Race relations are more amiable than before. Extremist groups, white and black, have faded away. Crime and murder rates, though still among the world’s highest, have dipped quite a bit. In 2010 the football World Cup brought South Africans together and showed off their beautiful land.
 
But in many other respects the ANC is floundering. Corruption is pervasive, with a permissive tone set at the top. President Jacob Zuma was previously tainted by an arms-deal scandal, though charges against him were dropped on technicalities.
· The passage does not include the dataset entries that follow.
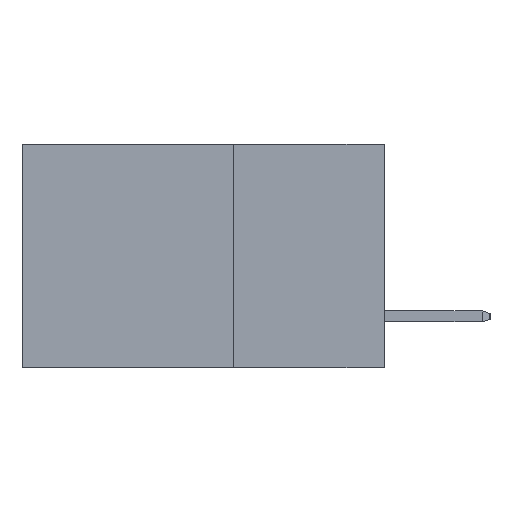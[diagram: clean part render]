
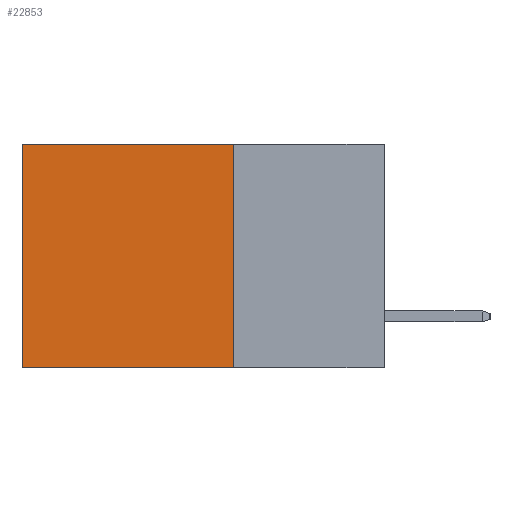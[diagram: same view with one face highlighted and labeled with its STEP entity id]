
A CAD part, left-side view. The second image highlights one B-rep face of the part: STEP entity #22853.
In plain terms, the highlighted planar face has unit normal (-1, 0, 0).
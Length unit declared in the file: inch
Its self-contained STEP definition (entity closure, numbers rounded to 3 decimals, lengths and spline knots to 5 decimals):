
#1164 = CARTESIAN_POINT ( 'NONE',  ( 0.2615, 0.6, 0. ) ) ;
#1516 = DIRECTION ( 'NONE',  ( 0., 0., -1. ) ) ;
#1671 = VECTOR ( 'NONE', #1516, 39.37008 ) ;
#2210 = CARTESIAN_POINT ( 'NONE',  ( 0.2615, 0.6, -0.37 ) ) ;
#2441 = VECTOR ( 'NONE', #17437, 39.37008 ) ;
#3743 = EDGE_CURVE ( 'NONE', #11460, #21458, #16793, .T. ) ;
#4378 = LINE ( 'NONE', #8470, #22565 ) ;
#5921 = EDGE_LOOP ( 'NONE', ( #6936, #19060, #12283, #16851 ) ) ;
#6574 = VERTEX_POINT ( 'NONE', #12062 ) ;
#6645 = CARTESIAN_POINT ( 'NONE',  ( 0.2615, 0.25, -0.37 ) ) ;
#6647 = DIRECTION ( 'NONE',  ( 0., 1., 0. ) ) ;
#6724 = CARTESIAN_POINT ( 'NONE',  ( 0.2615, 0.25, 0. ) ) ;
#6936 = ORIENTED_EDGE ( 'NONE', *, *, #3743, .T. ) ;
#8100 = DIRECTION ( 'NONE',  ( 0., 1., 0. ) ) ;
#8470 = CARTESIAN_POINT ( 'NONE',  ( 0.2615, 0.25, -0.37 ) ) ;
#8503 = DIRECTION ( 'NONE',  ( 1., 0., 0. ) ) ;
#9703 = AXIS2_PLACEMENT_3D ( 'NONE', #6645, #8503, #20857 ) ;
#10244 = PLANE ( 'NONE',  #9703 ) ;
#10403 = EDGE_CURVE ( 'NONE', #15006, #21458, #4378, .T. ) ;
#11284 = LINE ( 'NONE', #22802, #1671 ) ;
#11326 = VECTOR ( 'NONE', #6647, 39.37008 ) ;
#11460 = VERTEX_POINT ( 'NONE', #1164 ) ;
#12062 = CARTESIAN_POINT ( 'NONE',  ( 0.2615, 0.25, 0. ) ) ;
#12283 = ORIENTED_EDGE ( 'NONE', *, *, #21237, .F. ) ;
#12838 = EDGE_CURVE ( 'NONE', #6574, #11460, #17187, .T. ) ;
#14146 = CARTESIAN_POINT ( 'NONE',  ( 0.2615, 0.6, -0.37 ) ) ;
#15006 = VERTEX_POINT ( 'NONE', #16483 ) ;
#16483 = CARTESIAN_POINT ( 'NONE',  ( 0.2615, 0.25, -0.37 ) ) ;
#16793 = LINE ( 'NONE', #14146, #2441 ) ;
#16851 = ORIENTED_EDGE ( 'NONE', *, *, #12838, .T. ) ;
#17187 = LINE ( 'NONE', #6724, #11326 ) ;
#17437 = DIRECTION ( 'NONE',  ( 0., 0., -1. ) ) ;
#17728 = FACE_OUTER_BOUND ( 'NONE', #5921, .T. ) ;
#19060 = ORIENTED_EDGE ( 'NONE', *, *, #10403, .F. ) ;
#20857 = DIRECTION ( 'NONE',  ( 0., 0., -1. ) ) ;
#21237 = EDGE_CURVE ( 'NONE', #6574, #15006, #11284, .T. ) ;
#21458 = VERTEX_POINT ( 'NONE', #2210 ) ;
#22565 = VECTOR ( 'NONE', #8100, 39.37008 ) ;
#22802 = CARTESIAN_POINT ( 'NONE',  ( 0.2615, 0.25, -0.37 ) ) ;
#22853 = ADVANCED_FACE ( 'NONE', ( #17728 ), #10244, .F. ) ;
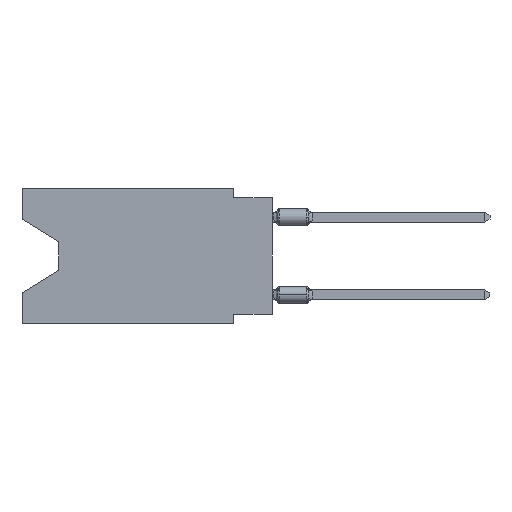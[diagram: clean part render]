
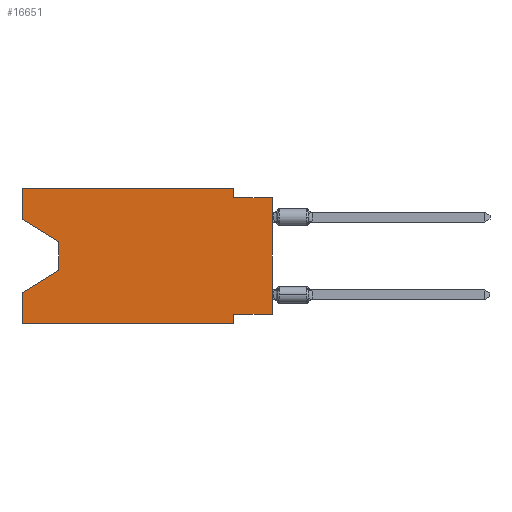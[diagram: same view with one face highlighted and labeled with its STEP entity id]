
A CAD part, left-side view. The second image highlights one B-rep face of the part: STEP entity #16651.
In plain terms, the highlighted planar face has unit normal (-1, 0, 0).
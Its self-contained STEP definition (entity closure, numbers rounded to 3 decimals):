
#100 = VECTOR ( 'NONE', #18810, 1000. ) ;
#541 = EDGE_CURVE ( 'NONE', #5117, #14129, #19291, .T. ) ;
#555 = CARTESIAN_POINT ( 'NONE',  ( 0., 16.383, -8.89 ) ) ;
#1147 = CARTESIAN_POINT ( 'NONE',  ( 0., 2.54, -0.635 ) ) ;
#1186 = VERTEX_POINT ( 'NONE', #555 ) ;
#1283 = DIRECTION ( 'NONE',  ( 0., 0., -1. ) ) ;
#1591 = DIRECTION ( 'NONE',  ( 0., -1., 0. ) ) ;
#2114 = VECTOR ( 'NONE', #9696, 1000. ) ;
#2331 = EDGE_CURVE ( 'NONE', #12142, #18245, #22241, .T. ) ;
#2546 = CARTESIAN_POINT ( 'NONE',  ( 0., 16.383, 0. ) ) ;
#2621 = VECTOR ( 'NONE', #9508, 1000. ) ;
#2943 = CARTESIAN_POINT ( 'NONE',  ( 0., 2.54, 0. ) ) ;
#3169 = ORIENTED_EDGE ( 'NONE', *, *, #2331, .F. ) ;
#3403 = VERTEX_POINT ( 'NONE', #4511 ) ;
#3505 = CARTESIAN_POINT ( 'NONE',  ( 0., 13.97, -5.385 ) ) ;
#3741 = CARTESIAN_POINT ( 'NONE',  ( 0., 2.54, -8.89 ) ) ;
#3748 = ORIENTED_EDGE ( 'NONE', *, *, #7061, .T. ) ;
#3792 = EDGE_CURVE ( 'NONE', #6696, #5117, #11698, .T. ) ;
#3999 = DIRECTION ( 'NONE',  ( 1., 0., 0. ) ) ;
#4247 = VERTEX_POINT ( 'NONE', #1147 ) ;
#4511 = CARTESIAN_POINT ( 'NONE',  ( 0., 16.383, 0. ) ) ;
#4870 = LINE ( 'NONE', #8388, #16554 ) ;
#5117 = VERTEX_POINT ( 'NONE', #13721 ) ;
#5355 = LINE ( 'NONE', #8875, #15312 ) ;
#5357 = EDGE_CURVE ( 'NONE', #1186, #14129, #19791, .T. ) ;
#6084 = LINE ( 'NONE', #7849, #12174 ) ;
#6300 = DIRECTION ( 'NONE',  ( 0., -1., 0. ) ) ;
#6458 = VERTEX_POINT ( 'NONE', #6936 ) ;
#6677 = DIRECTION ( 'NONE',  ( 0., 0., -1. ) ) ;
#6696 = VERTEX_POINT ( 'NONE', #20487 ) ;
#6936 = CARTESIAN_POINT ( 'NONE',  ( 0., 2.54, 0. ) ) ;
#7061 = EDGE_CURVE ( 'NONE', #1186, #18245, #6084, .T. ) ;
#7114 = VECTOR ( 'NONE', #9971, 1000. ) ;
#7236 = DIRECTION ( 'NONE',  ( 0., -0.855, -0.519 ) ) ;
#7389 = ORIENTED_EDGE ( 'NONE', *, *, #18648, .T. ) ;
#7458 = EDGE_CURVE ( 'NONE', #21417, #3403, #21851, .T. ) ;
#7674 = ORIENTED_EDGE ( 'NONE', *, *, #3792, .T. ) ;
#7678 = CARTESIAN_POINT ( 'NONE',  ( 0., 16.383, -2.038 ) ) ;
#7849 = CARTESIAN_POINT ( 'NONE',  ( 0., 16.383, -8.89 ) ) ;
#8062 = LINE ( 'NONE', #22547, #9787 ) ;
#8388 = CARTESIAN_POINT ( 'NONE',  ( 0., 0., -0.635 ) ) ;
#8875 = CARTESIAN_POINT ( 'NONE',  ( 0., 16.383, -2.038 ) ) ;
#9151 = FACE_OUTER_BOUND ( 'NONE', #22139, .T. ) ;
#9177 = CARTESIAN_POINT ( 'NONE',  ( 0., 2.54, -8.255 ) ) ;
#9508 = DIRECTION ( 'NONE',  ( 0., 0., 1. ) ) ;
#9514 = AXIS2_PLACEMENT_3D ( 'NONE', #20023, #3999, #17066 ) ;
#9696 = DIRECTION ( 'NONE',  ( 0., 0., 1. ) ) ;
#9787 = VECTOR ( 'NONE', #6300, 1000. ) ;
#9873 = ORIENTED_EDGE ( 'NONE', *, *, #11207, .F. ) ;
#9971 = DIRECTION ( 'NONE',  ( 0., 0., -1. ) ) ;
#10143 = CARTESIAN_POINT ( 'NONE',  ( 0., 0., -0.635 ) ) ;
#10286 = CARTESIAN_POINT ( 'NONE',  ( 0., 13.97, -3.505 ) ) ;
#10306 = ORIENTED_EDGE ( 'NONE', *, *, #21212, .F. ) ;
#11117 = EDGE_CURVE ( 'NONE', #21417, #6696, #5355, .T. ) ;
#11207 = EDGE_CURVE ( 'NONE', #6458, #4247, #22595, .T. ) ;
#11337 = DIRECTION ( 'NONE',  ( 0., -1., 0. ) ) ;
#11559 = ORIENTED_EDGE ( 'NONE', *, *, #22275, .F. ) ;
#11698 = LINE ( 'NONE', #10286, #14950 ) ;
#12142 = VERTEX_POINT ( 'NONE', #9177 ) ;
#12174 = VECTOR ( 'NONE', #11337, 1000. ) ;
#13495 = ORIENTED_EDGE ( 'NONE', *, *, #5357, .F. ) ;
#13695 = CARTESIAN_POINT ( 'NONE',  ( 0., 2.54, -8.89 ) ) ;
#13721 = CARTESIAN_POINT ( 'NONE',  ( 0., 13.97, -5.385 ) ) ;
#13988 = ORIENTED_EDGE ( 'NONE', *, *, #11117, .T. ) ;
#14072 = ORIENTED_EDGE ( 'NONE', *, *, #14478, .F. ) ;
#14129 = VERTEX_POINT ( 'NONE', #22816 ) ;
#14157 = DIRECTION ( 'NONE',  ( 0., 0.855, -0.519 ) ) ;
#14478 = EDGE_CURVE ( 'NONE', #14897, #12142, #17404, .T. ) ;
#14645 = PLANE ( 'NONE',  #9514 ) ;
#14897 = VERTEX_POINT ( 'NONE', #17256 ) ;
#14950 = VECTOR ( 'NONE', #6677, 1000. ) ;
#15312 = VECTOR ( 'NONE', #7236, 1000. ) ;
#15505 = CARTESIAN_POINT ( 'NONE',  ( 0., 0., 0. ) ) ;
#15620 = LINE ( 'NONE', #15505, #19589 ) ;
#15647 = ORIENTED_EDGE ( 'NONE', *, *, #7458, .F. ) ;
#16554 = VECTOR ( 'NONE', #1591, 1000. ) ;
#16651 = ADVANCED_FACE ( 'NONE', ( #9151 ), #14645, .F. ) ;
#16770 = VECTOR ( 'NONE', #1283, 1000. ) ;
#17066 = DIRECTION ( 'NONE',  ( 0., 0., -1. ) ) ;
#17256 = CARTESIAN_POINT ( 'NONE',  ( 0., 0., -8.255 ) ) ;
#17404 = LINE ( 'NONE', #20574, #100 ) ;
#18245 = VERTEX_POINT ( 'NONE', #3741 ) ;
#18263 = CARTESIAN_POINT ( 'NONE',  ( 0., 16.383, 0. ) ) ;
#18563 = VECTOR ( 'NONE', #14157, 1000. ) ;
#18648 = EDGE_CURVE ( 'NONE', #14897, #22419, #15620, .T. ) ;
#18810 = DIRECTION ( 'NONE',  ( 0., 1., 0. ) ) ;
#19240 = ORIENTED_EDGE ( 'NONE', *, *, #541, .T. ) ;
#19291 = LINE ( 'NONE', #3505, #18563 ) ;
#19589 = VECTOR ( 'NONE', #20539, 1000. ) ;
#19791 = LINE ( 'NONE', #18263, #2621 ) ;
#20023 = CARTESIAN_POINT ( 'NONE',  ( 0., 16.383, 0. ) ) ;
#20487 = CARTESIAN_POINT ( 'NONE',  ( 0., 13.97, -3.505 ) ) ;
#20539 = DIRECTION ( 'NONE',  ( 0., 0., 1. ) ) ;
#20574 = CARTESIAN_POINT ( 'NONE',  ( 0., 0., -8.255 ) ) ;
#21212 = EDGE_CURVE ( 'NONE', #4247, #22419, #4870, .T. ) ;
#21417 = VERTEX_POINT ( 'NONE', #7678 ) ;
#21851 = LINE ( 'NONE', #2546, #2114 ) ;
#22139 = EDGE_LOOP ( 'NONE', ( #13988, #7674, #19240, #13495, #3748, #3169, #14072, #7389, #10306, #9873, #11559, #15647 ) ) ;
#22241 = LINE ( 'NONE', #13695, #16770 ) ;
#22275 = EDGE_CURVE ( 'NONE', #3403, #6458, #8062, .T. ) ;
#22419 = VERTEX_POINT ( 'NONE', #10143 ) ;
#22547 = CARTESIAN_POINT ( 'NONE',  ( 0., 16.383, 0. ) ) ;
#22595 = LINE ( 'NONE', #2943, #7114 ) ;
#22816 = CARTESIAN_POINT ( 'NONE',  ( 0., 16.383, -6.852 ) ) ;

More recently he has been lambasted for the taxpayers’ fortune spent on glorifying his rural homestead. An official report into the matter has been declared top secret.
 
Just as big a blot on the ANC record is unemployment: 37% of working-age people, if you include “discouraged workers”, are jobless. In 2009, at the global recession’s height, Mr Zuma promised 500,000 new jobs by the year’s end; instead, 395,000 were lost. Black-empowerment schemes to redress apartheid’s injustices have been widely abused to enrich ANC-linked people. Mr Zuma’s relatives and pals have hugely benefited. Meanwhile the economy, led by a creaking mining sector in labour turmoil, is flagging. It hit its lowest point last year, when 34 protesters at the Marikana platinum mine were shot dead. Unrest elsewhere persists.
 
The list of problems goes on. The rate of rape is horrifying. Public hospitals are so bad that people say you go there to die, not to recover. Mamphela Ramphele, an anti-apartheid veteran who recently set up her own party out of frustration with the ANC, says that public education is worse than it was under apartheid. Through corruption and incompetence, tens of thousands of textbooks go missing every year.
 
Badly needed land reform has failed to materialise. The ANC pledged to transfer 30% of farmland to blacks by 2014 under a “willing seller, willing buyer” programme, but only 7% has changed hands. The ANC marked the centenary of the racist Natives Land Act with yet another gala dinner in an effort to show it intends to tackle the issue. Populists want the ANC simply to confiscate white-owned commercial farms.
 
The ANC’s foreign policy has hardly been more effective. As chief regional mediator over Zimbabwe, South Africa has plainly failed to get rid of Robert Mugabe (see next article). Mr Zuma’s belated attempt to resolve Libya’s crisis was an embarrassing flop. South African troops sent this year to sort out the Central African Republic came back with their tails between their legs, after rebels had killed 14 of them.
 
Mr Zuma is widely deemed to lack vision and panache. Younger leaders have yet to emerge. The ANC Youth League’s executive was disbanded after its bombastic boss, Julius Malema, turned against Mr Zuma. Many young South Africans plainly join the party to acquire business connections, not to serve their country.
 
The ANC is sure to win its fifth democratic election in a row next year. But it may enjoy an outright majority for only one or two more terms, as voters tire of the corruption infecting what has, in effect, been one-party rule. The opposition, led by the DA, is steadily growing. Moreover, the ANC’s alliance with the trade unions’ powerful confederation may be fraying. The ANC’s union-led faction and the communists, both key partners in the struggle against apartheid, may one day split from the ANC’s more mercenary establishment. More vital political competition is just what the country needs. Mr Mandela, saddened in his dying days by the ANC’s woeful decline, would surely have agreed.